* Saved entries:
====

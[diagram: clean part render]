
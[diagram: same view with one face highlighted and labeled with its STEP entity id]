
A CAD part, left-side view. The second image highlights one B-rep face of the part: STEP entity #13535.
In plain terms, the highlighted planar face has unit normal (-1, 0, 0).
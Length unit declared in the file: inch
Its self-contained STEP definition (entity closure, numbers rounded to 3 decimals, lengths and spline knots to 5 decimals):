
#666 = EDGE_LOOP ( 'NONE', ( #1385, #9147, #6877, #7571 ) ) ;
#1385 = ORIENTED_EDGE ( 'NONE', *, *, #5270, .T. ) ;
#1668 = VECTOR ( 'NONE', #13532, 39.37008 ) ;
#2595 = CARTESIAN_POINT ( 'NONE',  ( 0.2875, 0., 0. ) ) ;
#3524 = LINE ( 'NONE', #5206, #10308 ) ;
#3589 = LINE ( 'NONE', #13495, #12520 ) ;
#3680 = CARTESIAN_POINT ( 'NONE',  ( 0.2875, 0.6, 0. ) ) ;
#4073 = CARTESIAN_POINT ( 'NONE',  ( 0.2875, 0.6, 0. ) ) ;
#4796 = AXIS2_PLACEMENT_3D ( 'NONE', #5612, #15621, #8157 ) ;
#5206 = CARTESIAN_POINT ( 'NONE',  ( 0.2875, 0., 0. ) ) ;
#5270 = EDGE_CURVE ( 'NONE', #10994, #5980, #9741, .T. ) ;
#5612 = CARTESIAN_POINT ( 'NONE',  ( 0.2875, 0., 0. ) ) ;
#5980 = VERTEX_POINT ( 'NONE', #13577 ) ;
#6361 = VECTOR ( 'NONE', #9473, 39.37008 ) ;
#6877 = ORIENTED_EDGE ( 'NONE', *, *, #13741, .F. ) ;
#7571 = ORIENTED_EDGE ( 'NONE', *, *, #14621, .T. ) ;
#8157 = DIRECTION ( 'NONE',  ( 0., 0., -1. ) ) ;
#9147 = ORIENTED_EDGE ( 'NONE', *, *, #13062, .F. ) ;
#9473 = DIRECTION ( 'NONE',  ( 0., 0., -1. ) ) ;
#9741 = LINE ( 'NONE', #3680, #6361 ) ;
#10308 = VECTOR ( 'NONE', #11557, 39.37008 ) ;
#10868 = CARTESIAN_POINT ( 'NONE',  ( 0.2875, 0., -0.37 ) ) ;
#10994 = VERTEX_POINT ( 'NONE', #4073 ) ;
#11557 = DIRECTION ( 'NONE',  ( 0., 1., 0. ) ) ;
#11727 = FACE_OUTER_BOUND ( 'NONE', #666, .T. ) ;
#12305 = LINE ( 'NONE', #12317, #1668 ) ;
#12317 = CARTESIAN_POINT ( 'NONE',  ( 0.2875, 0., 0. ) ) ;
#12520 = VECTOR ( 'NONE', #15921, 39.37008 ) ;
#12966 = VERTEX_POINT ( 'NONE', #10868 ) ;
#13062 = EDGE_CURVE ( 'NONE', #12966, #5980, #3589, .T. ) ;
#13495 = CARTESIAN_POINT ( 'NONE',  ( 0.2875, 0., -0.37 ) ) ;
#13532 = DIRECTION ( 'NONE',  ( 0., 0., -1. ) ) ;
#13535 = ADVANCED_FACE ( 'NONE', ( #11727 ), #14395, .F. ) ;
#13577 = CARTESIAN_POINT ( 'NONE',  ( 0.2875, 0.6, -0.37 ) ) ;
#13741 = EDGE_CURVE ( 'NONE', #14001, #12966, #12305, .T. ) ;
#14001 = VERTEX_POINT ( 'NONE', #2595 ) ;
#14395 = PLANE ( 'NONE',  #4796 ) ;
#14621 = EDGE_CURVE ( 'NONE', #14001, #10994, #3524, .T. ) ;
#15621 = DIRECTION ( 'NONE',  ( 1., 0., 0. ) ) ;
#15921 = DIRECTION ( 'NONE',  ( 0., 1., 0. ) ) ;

====

* Exercise details: The answer must be the line containing "#666 = EDGE_LOOP" and every line after it to the end of the data, each set down exactly.

* Solution for this problem:
#666 = EDGE_LOOP ( 'NONE', ( #1385, #9147, #6877, #7571 ) ) ;
#1385 = ORIENTED_EDGE ( 'NONE', *, *, #5270, .T. ) ;
#1668 = VECTOR ( 'NONE', #13532, 39.37008 ) ;
#2595 = CARTESIAN_POINT ( 'NONE',  ( 0.2875, 0., 0. ) ) ;
#3524 = LINE ( 'NONE', #5206, #10308 ) ;
#3589 = LINE ( 'NONE', #13495, #12520 ) ;
#3680 = CARTESIAN_POINT ( 'NONE',  ( 0.2875, 0.6, 0. ) ) ;
#4073 = CARTESIAN_POINT ( 'NONE',  ( 0.2875, 0.6, 0. ) ) ;
#4796 = AXIS2_PLACEMENT_3D ( 'NONE', #5612, #15621, #8157 ) ;
#5206 = CARTESIAN_POINT ( 'NONE',  ( 0.2875, 0., 0. ) ) ;
#5270 = EDGE_CURVE ( 'NONE', #10994, #5980, #9741, .T. ) ;
#5612 = CARTESIAN_POINT ( 'NONE',  ( 0.2875, 0., 0. ) ) ;
#5980 = VERTEX_POINT ( 'NONE', #13577 ) ;
#6361 = VECTOR ( 'NONE', #9473, 39.37008 ) ;
#6877 = ORIENTED_EDGE ( 'NONE', *, *, #13741, .F. ) ;
#7571 = ORIENTED_EDGE ( 'NONE', *, *, #14621, .T. ) ;
#8157 = DIRECTION ( 'NONE',  ( 0., 0., -1. ) ) ;
#9147 = ORIENTED_EDGE ( 'NONE', *, *, #13062, .F. ) ;
#9473 = DIRECTION ( 'NONE',  ( 0., 0., -1. ) ) ;
#9741 = LINE ( 'NONE', #3680, #6361 ) ;
#10308 = VECTOR ( 'NONE', #11557, 39.37008 ) ;
#10868 = CARTESIAN_POINT ( 'NONE',  ( 0.2875, 0., -0.37 ) ) ;
#10994 = VERTEX_POINT ( 'NONE', #4073 ) ;
#11557 = DIRECTION ( 'NONE',  ( 0., 1., 0. ) ) ;
#11727 = FACE_OUTER_BOUND ( 'NONE', #666, .T. ) ;
#12305 = LINE ( 'NONE', #12317, #1668 ) ;
#12317 = CARTESIAN_POINT ( 'NONE',  ( 0.2875, 0., 0. ) ) ;
#12520 = VECTOR ( 'NONE', #15921, 39.37008 ) ;
#12966 = VERTEX_POINT ( 'NONE', #10868 ) ;
#13062 = EDGE_CURVE ( 'NONE', #12966, #5980, #3589, .T. ) ;
#13495 = CARTESIAN_POINT ( 'NONE',  ( 0.2875, 0., -0.37 ) ) ;
#13532 = DIRECTION ( 'NONE',  ( 0., 0., -1. ) ) ;
#13535 = ADVANCED_FACE ( 'NONE', ( #11727 ), #14395, .F. ) ;
#13577 = CARTESIAN_POINT ( 'NONE',  ( 0.2875, 0.6, -0.37 ) ) ;
#13741 = EDGE_CURVE ( 'NONE', #14001, #12966, #12305, .T. ) ;
#14001 = VERTEX_POINT ( 'NONE', #2595 ) ;
#14395 = PLANE ( 'NONE',  #4796 ) ;
#14621 = EDGE_CURVE ( 'NONE', #14001, #10994, #3524, .T. ) ;
#15621 = DIRECTION ( 'NONE',  ( 1., 0., 0. ) ) ;
#15921 = DIRECTION ( 'NONE',  ( 0., 1., 0. ) ) ;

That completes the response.